Optional list containing train and test indices for each fold. If provided, k, mode, and percentage are ignored.

true_CV

Logical indicating whether to refit the model for each fold (TRUE) or use the posterior distribution from the fitted model (FALSE). Default is FALSE.

factor

Which factor to multiply the scores. The default is 1.

tibble

Return the scores as a tidyr::tibble()

parallel_folds

Logical indicating whether to run computations in parallel across folds. Default is FALSE.

parallel_fitting

Logical indicating whether to run model fitting in parallel.
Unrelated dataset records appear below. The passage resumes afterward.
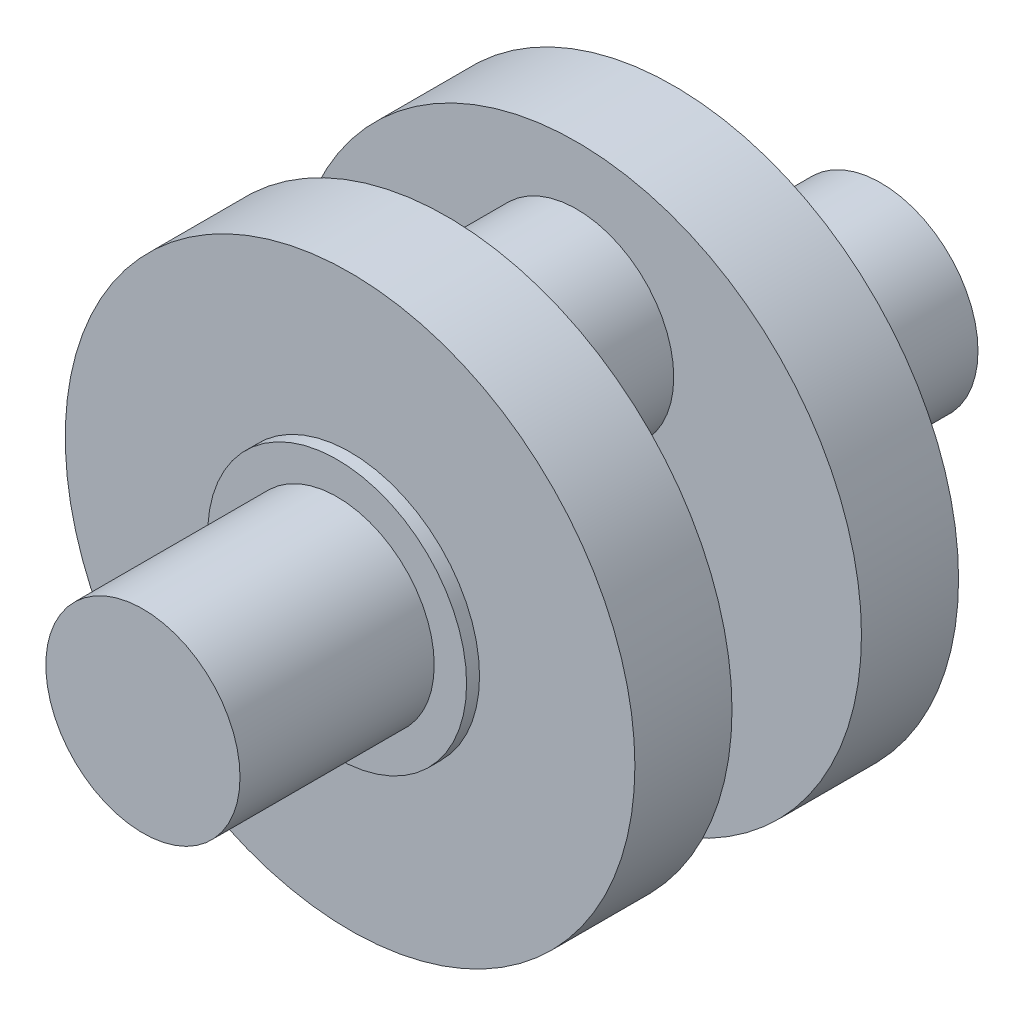
SolidWorks part; units mm, degrees
ref_plane "Płaszczyzna przednia" through (0, 0, 0) normal (0, 0, 1) x (1, 0, 0)
ref_plane "Płaszczyzna górna" through (0, 0, 0) normal (0, 1, 0) x (1, 0, 0)
ref_plane "Płaszczyzna prawa" through (0, 0, 0) normal (1, 0, 0) x (0, 0, -1)
sketch "Szkic1" plane through (0, 0, 0) normal (0, 0, 1) x (1, 0, 0)
  circle A0 centre (0, 0) radius 15
  dimension "D1" = 30
extrude "Dodanie-wyciągnięcie1" add sketch "Szkic1" along normal blind 30
sketch "Szkic2" plane through (0, 0, 0) normal (0, 0, 1) x (1, 0, 0)
  circle A0 centre (0, 0) radius 20
  dimension "D1" = 40
extrude "Dodanie-wyciągnięcie2" add sketch "Szkic2" against normal blind 2
sketch "Szkic3" plane through (0, 0, 0) normal (0, 0, 1) x (1, 0, 0)
  circle A0 centre (0, 0) radius 44
  dimension "D1" = 88
extrude "Dodanie-wyciągnięcie3" add sketch "Szkic3" against normal blind 15 from surface at -2 starting at face at (20, 0, -2)
sketch "Szkic4" plane through (0, 0, 0) normal (0, 0, 1) x (1, 0, 0)
  circle A0 centre (0, 20) radius 15
  point P2 (0, 0)
  dimension "D2" = 30
  dimension "D1" = 20
extrude "Dodanie-wyciągnięcie4" add sketch "Szkic4" against normal blind 10 from surface at -17 starting at face at (44, 0, -17)
mirror "Lustro2" about plane through (0, 20, -27) normal (0, 0, 1) of bodies 104
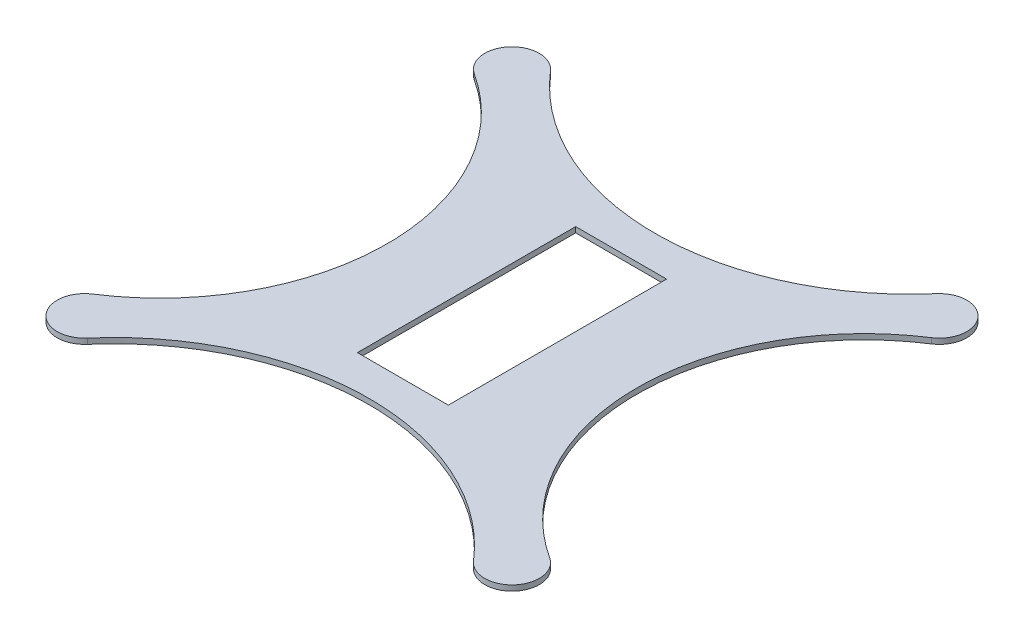
SolidWorks part; units mm, degrees
ref_plane "Front" through (0, 0, 0) normal (0, 0, 1) x (1, 0, 0)
ref_plane "Top" through (0, 0, 0) normal (0, 1, 0) x (1, 0, 0)
ref_plane "Right" through (0, 0, 0) normal (1, 0, 0) x (0, 0, -1)
sketch "Sketch4" plane through (0, 0, 0) normal (0, 1, 0) x (1, 0, 0)
  line L0 (0, 0) -> (0, 354.5375) construction
  line L1 (25, -60) -> (-25, -60)
  line L2 (25, -60) -> (25, 60)
  line L3 (25, 60) -> (-25, 60)
  line L4 (-25, -60) -> (-25, 60)
  line L5 (25, -60) -> (-25, 60) construction
  line L6 (25, 60) -> (-25, -60) construction
  line L11 (25, 60) -> (117.5, 117.5) construction
  line L12 (-117.5, 117.5) -> (-25, 60) construction
  line L13 (0, 0) -> (249.298, 0) construction
  line L14 (25, -60) -> (117.5, -117.5) construction
  line L15 (-117.5, -117.5) -> (-25, -60) construction
  line L16 (-117.5, -117.5) -> (-117.5, 117.5) construction
  line L17 (-117.5, 117.5) -> (117.5, 117.5) construction
  line L18 (117.5, 117.5) -> (117.5, -117.5) construction
  line L19 (117.5, -117.5) -> (-117.5, -117.5) construction
  line L20 (0, -78.5878) -> (0, 78.5878) construction
  arc A0 (-106.129, 127.2827) -> (-125.6554, 104.9107) centre (-117.5, 117.5) ccw
  arc A1 (125.6554, 104.9107) -> (106.129, 127.2827) centre (117.5, 117.5) ccw
  arc A2 (-125.6554, -104.9107) -> (-106.129, -127.2827) centre (-117.5, -117.5) ccw
  arc A3 (106.129, -127.2827) -> (125.6554, -104.9107) centre (117.5, -117.5) ccw
  arc A7 (-106.129, 127.2827) -> (106.129, 127.2827) centre (0, 218.5878) ccw
  arc A8 (125.6554, 104.9107) -> (125.6554, -104.9107) centre (193.6167, 0) ccw
  arc A11 (-106.129, -127.2827) -> (106.129, -127.2827) centre (0, -218.5878) cw
  arc A12 (-125.6554, 104.9107) -> (-125.6554, -104.9107) centre (-193.6167, 0) cw
  point P0 (0, 0)
  point P6 (0, 0)
  point P11 (0, 0)
  point P12 (0, 0)
  dimension "D5" = 30
  dimension "D6" = 30
  dimension "D7" = 30
  dimension "D8" = 30
  dimension "D9" = 125
  dimension "D10" = 140
  dimension "D11" = 125
  dimension "D1" = 50
  dimension "D2" = 120
  dimension "D3" = 235
  dimension "D4" = 235
extrude "Boss-Extrude1" add sketch "Sketch4" along normal blind 3

Default is FALSE.

n_cores

Number of cores to use for parallel computation. Default is parallel::detectCores() - 1.

print

Logical indicating whether to print progress of which fold is being processed. Default is FALSE.

seed

Random seed for reproducibility in fold creation. Default is NULL.

return_indices

Logical indicating whether to return the train/test indices used. Default is FALSE.

use_precomputed

Logical indicating whether to use precomputation for faster CV. Default is TRUE.

Value

Vector with the posterior expectations and variances as well as mean absolute error (MAE), root mean squared errors (RMSE), and three negatively oriented proper scoring rules: log-score, CRPS, and scaled CRPS.